*Directions*: Go line by line through the entries below and count those containing the string "SCORE"; give only the count.

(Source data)
────────────────────────────────────────

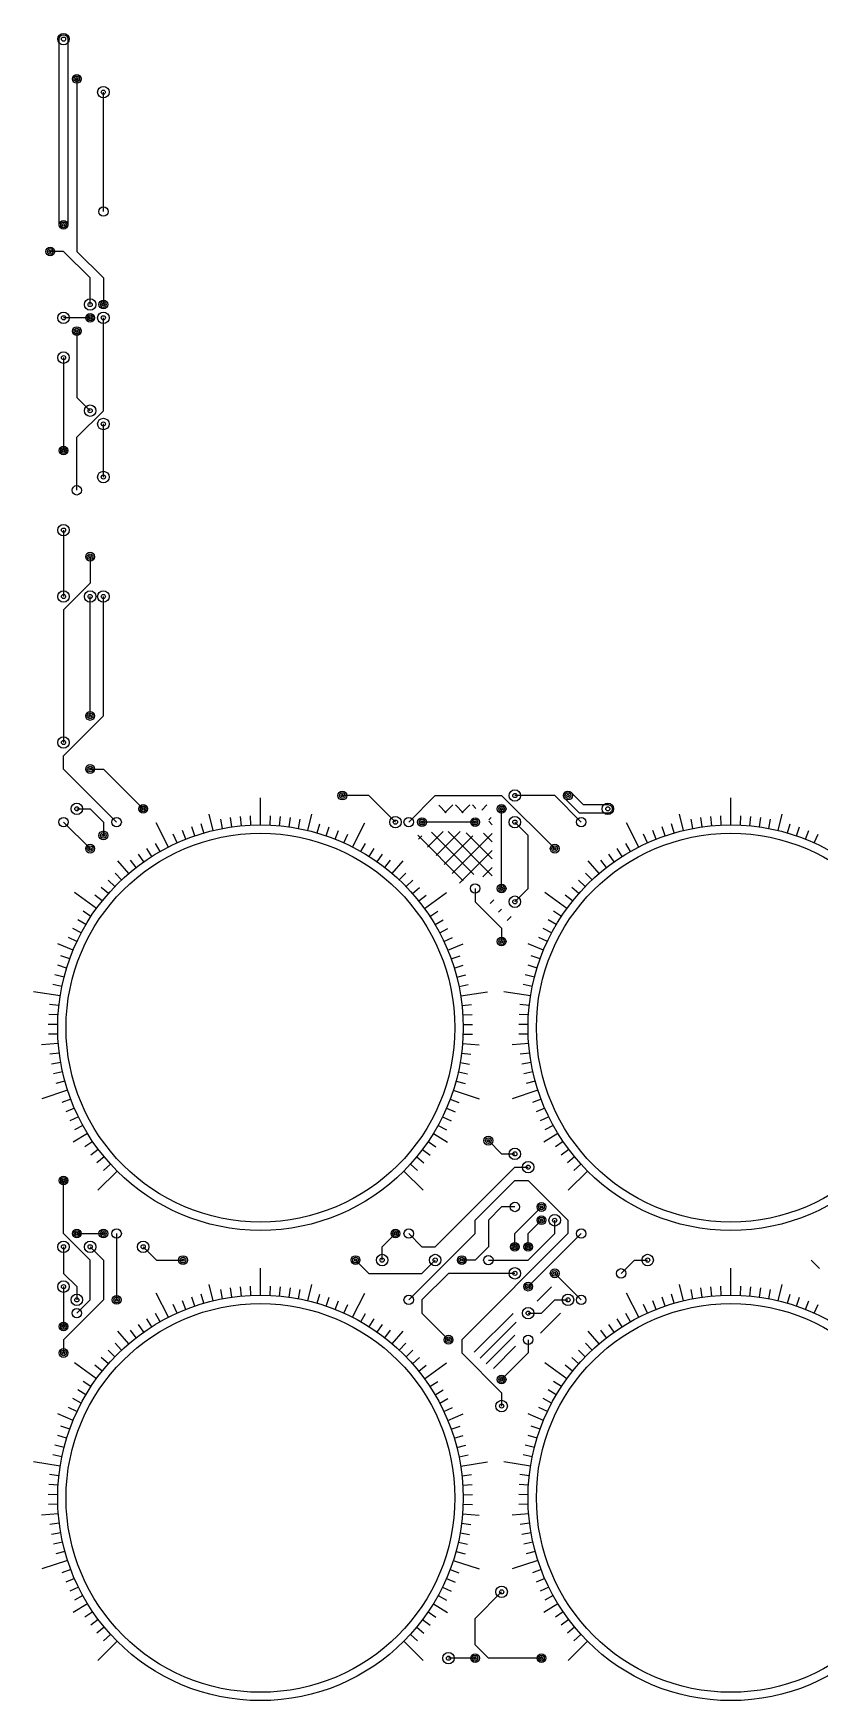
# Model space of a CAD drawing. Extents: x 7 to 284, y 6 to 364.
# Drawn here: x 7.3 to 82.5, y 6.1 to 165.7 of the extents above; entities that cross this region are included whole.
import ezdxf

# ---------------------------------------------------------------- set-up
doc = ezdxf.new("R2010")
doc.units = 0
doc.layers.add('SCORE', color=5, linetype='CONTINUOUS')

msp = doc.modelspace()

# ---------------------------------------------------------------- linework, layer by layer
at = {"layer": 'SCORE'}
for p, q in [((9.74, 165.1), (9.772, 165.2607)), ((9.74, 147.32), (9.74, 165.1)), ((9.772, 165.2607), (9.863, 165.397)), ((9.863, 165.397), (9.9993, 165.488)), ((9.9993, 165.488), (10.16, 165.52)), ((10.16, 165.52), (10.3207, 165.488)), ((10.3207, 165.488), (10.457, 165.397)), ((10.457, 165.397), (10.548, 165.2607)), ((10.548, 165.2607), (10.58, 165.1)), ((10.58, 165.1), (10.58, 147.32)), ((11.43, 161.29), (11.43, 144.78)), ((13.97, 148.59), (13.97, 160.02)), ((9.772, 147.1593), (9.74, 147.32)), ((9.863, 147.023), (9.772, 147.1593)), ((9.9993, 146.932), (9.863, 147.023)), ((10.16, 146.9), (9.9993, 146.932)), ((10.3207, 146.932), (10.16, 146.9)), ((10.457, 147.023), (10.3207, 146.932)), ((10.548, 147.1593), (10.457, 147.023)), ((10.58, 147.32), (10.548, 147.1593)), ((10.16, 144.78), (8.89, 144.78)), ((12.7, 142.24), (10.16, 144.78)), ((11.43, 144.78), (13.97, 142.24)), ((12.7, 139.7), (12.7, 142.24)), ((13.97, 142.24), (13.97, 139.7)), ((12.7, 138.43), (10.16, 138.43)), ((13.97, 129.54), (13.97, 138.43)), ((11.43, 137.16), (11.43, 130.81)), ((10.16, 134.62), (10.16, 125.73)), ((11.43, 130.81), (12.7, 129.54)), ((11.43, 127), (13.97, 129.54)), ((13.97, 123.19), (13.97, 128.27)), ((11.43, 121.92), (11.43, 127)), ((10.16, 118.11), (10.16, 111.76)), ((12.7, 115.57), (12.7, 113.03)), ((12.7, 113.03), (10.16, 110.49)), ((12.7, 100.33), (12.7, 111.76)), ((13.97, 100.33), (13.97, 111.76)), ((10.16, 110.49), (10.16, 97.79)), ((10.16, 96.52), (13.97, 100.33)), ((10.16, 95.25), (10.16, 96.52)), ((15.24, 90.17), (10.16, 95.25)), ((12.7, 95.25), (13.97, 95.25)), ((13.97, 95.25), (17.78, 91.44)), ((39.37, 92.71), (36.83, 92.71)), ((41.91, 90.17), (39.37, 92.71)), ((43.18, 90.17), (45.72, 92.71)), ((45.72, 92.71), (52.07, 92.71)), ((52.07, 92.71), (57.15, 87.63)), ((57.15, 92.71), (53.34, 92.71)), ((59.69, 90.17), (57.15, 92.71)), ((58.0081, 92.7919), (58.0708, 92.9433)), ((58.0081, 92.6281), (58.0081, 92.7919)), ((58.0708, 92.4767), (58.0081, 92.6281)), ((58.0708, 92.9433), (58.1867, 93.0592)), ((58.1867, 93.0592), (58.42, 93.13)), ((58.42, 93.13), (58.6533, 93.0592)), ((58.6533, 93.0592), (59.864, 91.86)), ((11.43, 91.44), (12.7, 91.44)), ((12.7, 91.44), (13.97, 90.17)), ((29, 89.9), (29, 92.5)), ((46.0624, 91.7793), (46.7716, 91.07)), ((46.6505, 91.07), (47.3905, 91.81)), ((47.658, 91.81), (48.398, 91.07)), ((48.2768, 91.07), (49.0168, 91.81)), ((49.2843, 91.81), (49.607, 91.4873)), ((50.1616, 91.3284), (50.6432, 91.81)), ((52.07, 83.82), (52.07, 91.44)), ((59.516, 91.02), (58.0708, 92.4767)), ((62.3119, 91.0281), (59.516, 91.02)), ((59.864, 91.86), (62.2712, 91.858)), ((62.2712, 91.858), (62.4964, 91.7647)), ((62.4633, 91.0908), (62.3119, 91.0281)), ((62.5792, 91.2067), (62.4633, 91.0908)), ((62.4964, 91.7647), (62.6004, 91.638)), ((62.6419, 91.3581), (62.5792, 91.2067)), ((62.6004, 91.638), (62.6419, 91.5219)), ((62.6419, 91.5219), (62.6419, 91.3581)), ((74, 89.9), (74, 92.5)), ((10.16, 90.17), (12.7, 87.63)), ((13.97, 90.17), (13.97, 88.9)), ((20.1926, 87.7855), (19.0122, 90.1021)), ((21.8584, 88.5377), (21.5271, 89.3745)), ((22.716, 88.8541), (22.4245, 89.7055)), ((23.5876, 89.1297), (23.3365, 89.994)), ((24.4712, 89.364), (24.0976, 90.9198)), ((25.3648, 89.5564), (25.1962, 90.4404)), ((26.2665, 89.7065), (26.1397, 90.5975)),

────────────────────────────────────────

*Your response*: 2